There may be even subtler effects. In our 2011 Air & Space Special Collector’s edition on the Space Shuttle, Expedition 6 commander Ken Bowersox recalled watching the memorial service for Columbia’s crew while on the station: “For me, emotions were more visceral in orbit. I don’t know why. I don’t know if it was the composition of the air, the carbon dioxide levels, or the isolation. If I was happy I could feel it just bubbling out of my chest. And if I was sad, it was crushing.” Law says she hasn’t heard of elevated emotions being associated with elevated carbon dioxide, “but I suppose it’d be on the same spectrum as irritability and cognitive effects.”
The researchers found that the incidence of headaches was the same for men and women, and, interestingly, that the incidence went down as an astronaut’s age went up. “As we get older, our blood vessels get stiffer, so CO2 does not dilate the blood vessels as much in an older person,” says Law.
When flight surgeons began to see the connection between elevated carbon dioxide and headaches, they asked that carbon dioxide levels be lowered temporarily -- to 5 mm Hg in 2006, and to 4 mm Hg in 2010. (Law says that work is ongoing to update NASA flight rules to 4 mm Hg permanently). That apparently has worked; with each lowering, the number of crew headaches goes down.
Law’s paper is the first serious look into the subject, and her team’s recommendation is to go even lower, to 2.5 mm Hg. They found that “for each 1-mm Hg increase in CO2, the odds of a crew member reporting a headache almost doubled.” Their recommended level of 2.5 mm would, according to the paper, “keep the risk of headache to below 1%, a standard threshold used in toxicology and aerospace medicine.”
But that’s easier said than done. As Law says, “Today CO2 on the ISS is generally controlled to 4 mm Hg or less. While crew surgeons would love to keep the CO2 levels lower to protect our crewmembers, the reality is we are limited by the hardware we have onboard. Back when the ISS was designed, it was thought that higher CO2 levels were no problem, so the hardware was designed for higher levels.
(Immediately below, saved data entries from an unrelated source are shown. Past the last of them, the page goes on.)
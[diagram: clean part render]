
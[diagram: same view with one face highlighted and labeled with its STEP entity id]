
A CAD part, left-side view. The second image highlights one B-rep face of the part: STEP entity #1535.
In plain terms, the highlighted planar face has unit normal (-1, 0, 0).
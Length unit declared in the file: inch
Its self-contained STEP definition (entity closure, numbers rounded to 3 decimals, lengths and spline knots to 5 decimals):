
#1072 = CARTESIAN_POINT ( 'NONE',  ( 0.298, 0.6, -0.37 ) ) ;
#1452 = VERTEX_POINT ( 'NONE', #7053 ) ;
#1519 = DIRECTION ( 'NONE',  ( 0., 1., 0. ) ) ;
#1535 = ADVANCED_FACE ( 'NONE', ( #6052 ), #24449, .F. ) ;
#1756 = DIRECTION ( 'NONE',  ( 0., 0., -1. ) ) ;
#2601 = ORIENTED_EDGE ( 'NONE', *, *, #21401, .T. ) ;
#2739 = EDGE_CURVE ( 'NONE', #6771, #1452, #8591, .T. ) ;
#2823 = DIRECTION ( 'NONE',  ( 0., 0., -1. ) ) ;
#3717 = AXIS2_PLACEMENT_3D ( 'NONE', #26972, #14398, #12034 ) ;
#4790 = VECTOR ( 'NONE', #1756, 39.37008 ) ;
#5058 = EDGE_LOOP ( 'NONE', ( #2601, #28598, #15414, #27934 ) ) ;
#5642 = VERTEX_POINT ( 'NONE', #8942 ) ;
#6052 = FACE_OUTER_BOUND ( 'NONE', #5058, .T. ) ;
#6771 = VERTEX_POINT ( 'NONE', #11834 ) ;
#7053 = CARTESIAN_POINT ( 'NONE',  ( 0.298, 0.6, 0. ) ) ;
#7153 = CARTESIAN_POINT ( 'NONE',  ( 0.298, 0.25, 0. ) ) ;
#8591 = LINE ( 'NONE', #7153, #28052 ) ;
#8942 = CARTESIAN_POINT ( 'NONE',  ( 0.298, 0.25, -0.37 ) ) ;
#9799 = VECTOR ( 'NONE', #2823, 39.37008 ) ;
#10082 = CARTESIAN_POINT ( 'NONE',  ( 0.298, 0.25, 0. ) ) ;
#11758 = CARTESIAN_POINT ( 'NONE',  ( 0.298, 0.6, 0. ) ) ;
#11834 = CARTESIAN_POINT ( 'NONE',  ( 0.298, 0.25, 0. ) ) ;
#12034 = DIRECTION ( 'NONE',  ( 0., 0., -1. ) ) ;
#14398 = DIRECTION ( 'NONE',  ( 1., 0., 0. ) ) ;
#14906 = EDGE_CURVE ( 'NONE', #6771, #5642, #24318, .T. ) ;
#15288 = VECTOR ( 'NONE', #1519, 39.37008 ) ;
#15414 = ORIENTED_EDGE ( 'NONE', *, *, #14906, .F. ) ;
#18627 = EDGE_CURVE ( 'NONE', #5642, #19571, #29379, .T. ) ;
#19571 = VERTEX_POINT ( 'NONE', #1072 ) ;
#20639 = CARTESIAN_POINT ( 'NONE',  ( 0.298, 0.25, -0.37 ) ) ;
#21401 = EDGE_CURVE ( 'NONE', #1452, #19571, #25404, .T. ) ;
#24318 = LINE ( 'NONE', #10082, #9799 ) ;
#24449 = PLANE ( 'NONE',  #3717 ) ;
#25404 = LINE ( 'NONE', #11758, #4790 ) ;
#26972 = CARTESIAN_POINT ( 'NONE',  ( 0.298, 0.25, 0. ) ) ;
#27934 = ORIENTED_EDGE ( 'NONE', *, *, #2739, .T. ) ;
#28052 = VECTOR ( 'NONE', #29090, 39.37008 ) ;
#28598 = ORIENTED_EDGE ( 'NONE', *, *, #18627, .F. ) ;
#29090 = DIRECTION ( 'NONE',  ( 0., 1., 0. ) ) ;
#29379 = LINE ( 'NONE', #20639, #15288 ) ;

Trying to bring the levels lower would require running the scrubbers more, which would wear them out faster and require more maintenance and consumables.”
She also says that doctors need to learn more about other possible long-term effects of breathing elevated carbon dioxide, such as changes in vision. “We don’t know yet what CO2’s role plays in the Visual Impairment/Intracranial Pressure (VIIP) syndrome, which has been documented in a number of long-duration crewmembers and, in some cases, resulted in ocular changes that seem to persist for years,” says Law. “Headaches may just be the tip of the iceberg – while headaches are relatively easy symptoms to identify, there are likely subclinical changes to physiology that we can’t measure.”
“We are concerned about their effects on astronaut health and possible implications for exploration missions in the future,” says Law. So reports like this should improve the health of future astronauts wherever they’re going, whether to Earth orbit or beyond.